Could you return every record below exactly as it stands, leaving out the pictures?

►

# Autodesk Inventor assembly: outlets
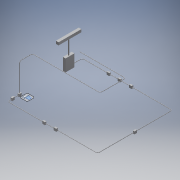
[picture p0: Inventor's stored thumbnail of the model, 180x180]
Saved by Autodesk Inventor 2019 (Build 230136000, 136)
## iProperties
Created: 2018-07-10
Part Number: outlets
Document SubType Name: Assembly
Designer: User
Author: User
## Documents named in this file (12)
- C:\Users\User\Documents\GitHub\darkRadio\3D Models\Room Model\outlets.iam
- C:\Users\User\Documents\GitHub\darkRadio\3D Models\Room Model\outlet.ipt
- C:\Users\User\Documents\GitHub\darkRadio\3D Models\Room Model\left_tube_1.ipt
- C:\Users\User\Documents\GitHub\darkRadio\3D Models\Room Model\leftBack_tube.ipt
- C:\Users\User\Documents\GitHub\darkRadio\3D Models\Room Model\backRight_tube.ipt
- C:\Users\User\Documents\GitHub\darkRadio\3D Models\Room Model\right_tube_0.ipt
- C:\Users\User\Documents\GitHub\darkRadio\3D Models\Room Model\rightFront_tube.ipt
- C:\Users\User\Documents\GitHub\darkRadio\3D Models\Room Model\frontLeft_tube.ipt
- C:\Users\User\Documents\GitHub\darkRadio\3D Models\Room Model\left_tube_0.ipt
- C:\Users\User\Documents\GitHub\darkRadio\3D Models\Room Model\switchbox.ipt
- C:\Users\User\Documents\GitHub\darkRadio\3D Models\Room Model\front_tube_0.ipt
- C:\Users\User\Documents\GitHub\darkRadio\3D Models\Room Model\front_tube_up.ipt
## Components (18 placed, 11 different names)
1. outlet:1 — Rigid:2, Rotational:9, Angle:5
2. left_tube_0:1 — Rigid:2, Rigid:3
3. outlet:2 — Rigid:3, Rigid:4
4. outlet:3 — Rigid:5, Angle:1, Rotational:2, Angle:3
5. left_tube_1:1 — Rigid:4, Rigid:5
6. leftBack_tube:1 — Angle:1, Rotational:2, Rotational:7
7. outlet:4 — Rotational:7, Rotational:3, Angle:2, Angle:3
8. backRight_tube:1 — Rotational:3, Angle:2, Rigid:8
9. outlet:5 — Rigid:8, Rigid:9
10. right_tube_0:1 — Rigid:9, Rigid:10
11. outlet:6 — Rigid:10, Rotational:8, Angle:4
12. rightFront_tube:1 — Rotational:8, Angle:4, Rigid:11
13. outlet:7 — Rigid:11, Flush:1, Rigid:12
14. frontLeft_tube:1 — Rotational:9, Angle:5, Mate:1, Mate:2
15. switchbox:1 — Mate:1, Flush:1, Mate:2
16. front_tube_0:1 — Rigid:12, Rigid:13
17. outlet:8 — Rigid:13, Rotational:15, Angle:6
18. front_tube_up:1 — Rotational:15, Angle:6
## Relationships (25: WeldJoint 10, Angle 6, RevoluteJoint 6, Mate 2, Flush 1)
- Rigid:2 [WeldJoint]: outlet:1 ↔ left_tube_0:1
- Rigid:3 [WeldJoint]: left_tube_0:1 ↔ outlet:2
- Rigid:4 [WeldJoint]: outlet:2 ↔ left_tube_1:1
- Rigid:5 [WeldJoint]: outlet:3 ↔ left_tube_1:1
- Angle:1 (0 deg): outlet:3 ↔ leftBack_tube:1
- Rotational:2 [RevoluteJoint]: outlet:3 ↔ leftBack_tube:1
- Rotational:7 [RevoluteJoint]: leftBack_tube:1 ↔ outlet:4
- Rotational:3 [RevoluteJoint]: outlet:4 ↔ backRight_tube:1
- Angle:2 (0 deg): outlet:4 ↔ backRight_tube:1
- Angle:3 (0 deg): outlet:3 ↔ outlet:4
- Rigid:8 [WeldJoint]: backRight_tube:1 ↔ outlet:5
- Rigid:9 [WeldJoint]: outlet:5 ↔ right_tube_0:1
- Rigid:10 [WeldJoint]: right_tube_0:1 ↔ outlet:6
- Rotational:8 [RevoluteJoint]: outlet:6 ↔ rightFront_tube:1
- Angle:4 (0 deg): outlet:6 ↔ rightFront_tube:1
- Rigid:11 [WeldJoint]: rightFront_tube:1 ↔ outlet:7
- Rotational:9 [RevoluteJoint]: outlet:1 ↔ frontLeft_tube:1
- Angle:5 (0 deg): outlet:1 ↔ frontLeft_tube:1
- Mate:1: frontLeft_tube:1 ↔ switchbox:1
- Flush:1: outlet:7 ↔ switchbox:1
- Mate:2 (-76.2 mm): frontLeft_tube:1 ↔ switchbox:1
- Rigid:12 [WeldJoint]: outlet:7 ↔ front_tube_0:1
- Rigid:13 [WeldJoint]: front_tube_0:1 ↔ outlet:8
- Rotational:15 [RevoluteJoint]: outlet:8 ↔ front_tube_up:1
- Angle:6 (0 deg): outlet:8 ↔ front_tube_up:1

◄

Result -
# Autodesk Inventor assembly: outlets
[picture p0: Inventor's stored thumbnail of the model, 180x180]
Saved by Autodesk Inventor 2019 (Build 230136000, 136)
## iProperties
Created: 2018-07-10
Part Number: outlets
Document SubType Name: Assembly
Designer: User
Author: User
## Documents named in this file (12)
- C:\Users\User\Documents\GitHub\darkRadio\3D Models\Room Model\outlets.iam
- C:\Users\User\Documents\GitHub\darkRadio\3D Models\Room Model\outlet.ipt
- C:\Users\User\Documents\GitHub\darkRadio\3D Models\Room Model\left_tube_1.ipt
- C:\Users\User\Documents\GitHub\darkRadio\3D Models\Room Model\leftBack_tube.ipt
- C:\Users\User\Documents\GitHub\darkRadio\3D Models\Room Model\backRight_tube.ipt
- C:\Users\User\Documents\GitHub\darkRadio\3D Models\Room Model\right_tube_0.ipt
- C:\Users\User\Documents\GitHub\darkRadio\3D Models\Room Model\rightFront_tube.ipt
- C:\Users\User\Documents\GitHub\darkRadio\3D Models\Room Model\frontLeft_tube.ipt
- C:\Users\User\Documents\GitHub\darkRadio\3D Models\Room Model\left_tube_0.ipt
- C:\Users\User\Documents\GitHub\darkRadio\3D Models\Room Model\switchbox.ipt
- C:\Users\User\Documents\GitHub\darkRadio\3D Models\Room Model\front_tube_0.ipt
- C:\Users\User\Documents\GitHub\darkRadio\3D Models\Room Model\front_tube_up.ipt
## Components (18 placed, 11 different names)
1. outlet:1 — Rigid:2, Rotational:9, Angle:5
2. left_tube_0:1 — Rigid:2, Rigid:3
3. outlet:2 — Rigid:3, Rigid:4
4. outlet:3 — Rigid:5, Angle:1, Rotational:2, Angle:3
5. left_tube_1:1 — Rigid:4, Rigid:5
6. leftBack_tube:1 — Angle:1, Rotational:2, Rotational:7
7. outlet:4 — Rotational:7, Rotational:3, Angle:2, Angle:3
8. backRight_tube:1 — Rotational:3, Angle:2, Rigid:8
9. outlet:5 — Rigid:8, Rigid:9
10. right_tube_0:1 — Rigid:9, Rigid:10
11. outlet:6 — Rigid:10, Rotational:8, Angle:4
12. rightFront_tube:1 — Rotational:8, Angle:4, Rigid:11
13. outlet:7 — Rigid:11, Flush:1, Rigid:12
14. frontLeft_tube:1 — Rotational:9, Angle:5, Mate:1, Mate:2
15. switchbox:1 — Mate:1, Flush:1, Mate:2
16. front_tube_0:1 — Rigid:12, Rigid:13
17. outlet:8 — Rigid:13, Rotational:15, Angle:6
18. front_tube_up:1 — Rotational:15, Angle:6
## Relationships (25: WeldJoint 10, Angle 6, RevoluteJoint 6, Mate 2, Flush 1)
- Rigid:2 [WeldJoint]: outlet:1 ↔ left_tube_0:1
- Rigid:3 [WeldJoint]: left_tube_0:1 ↔ outlet:2
- Rigid:4 [WeldJoint]: outlet:2 ↔ left_tube_1:1
- Rigid:5 [WeldJoint]: outlet:3 ↔ left_tube_1:1
- Angle:1 (0 deg): outlet:3 ↔ leftBack_tube:1
- Rotational:2 [RevoluteJoint]: outlet:3 ↔ leftBack_tube:1
- Rotational:7 [RevoluteJoint]: leftBack_tube:1 ↔ outlet:4
- Rotational:3 [RevoluteJoint]: outlet:4 ↔ backRight_tube:1
- Angle:2 (0 deg): outlet:4 ↔ backRight_tube:1
- Angle:3 (0 deg): outlet:3 ↔ outlet:4
- Rigid:8 [WeldJoint]: backRight_tube:1 ↔ outlet:5
- Rigid:9 [WeldJoint]: outlet:5 ↔ right_tube_0:1
- Rigid:10 [WeldJoint]: right_tube_0:1 ↔ outlet:6
- Rotational:8 [RevoluteJoint]: outlet:6 ↔ rightFront_tube:1
- Angle:4 (0 deg): outlet:6 ↔ rightFront_tube:1
- Rigid:11 [WeldJoint]: rightFront_tube:1 ↔ outlet:7
- Rotational:9 [RevoluteJoint]: outlet:1 ↔ frontLeft_tube:1
- Angle:5 (0 deg): outlet:1 ↔ frontLeft_tube:1
- Mate:1: frontLeft_tube:1 ↔ switchbox:1
- Flush:1: outlet:7 ↔ switchbox:1
- Mate:2 (-76.2 mm): frontLeft_tube:1 ↔ switchbox:1
- Rigid:12 [WeldJoint]: outlet:7 ↔ front_tube_0:1
- Rigid:13 [WeldJoint]: front_tube_0:1 ↔ outlet:8
- Rotational:15 [RevoluteJoint]: outlet:8 ↔ front_tube_up:1
- Angle:6 (0 deg): outlet:8 ↔ front_tube_up:1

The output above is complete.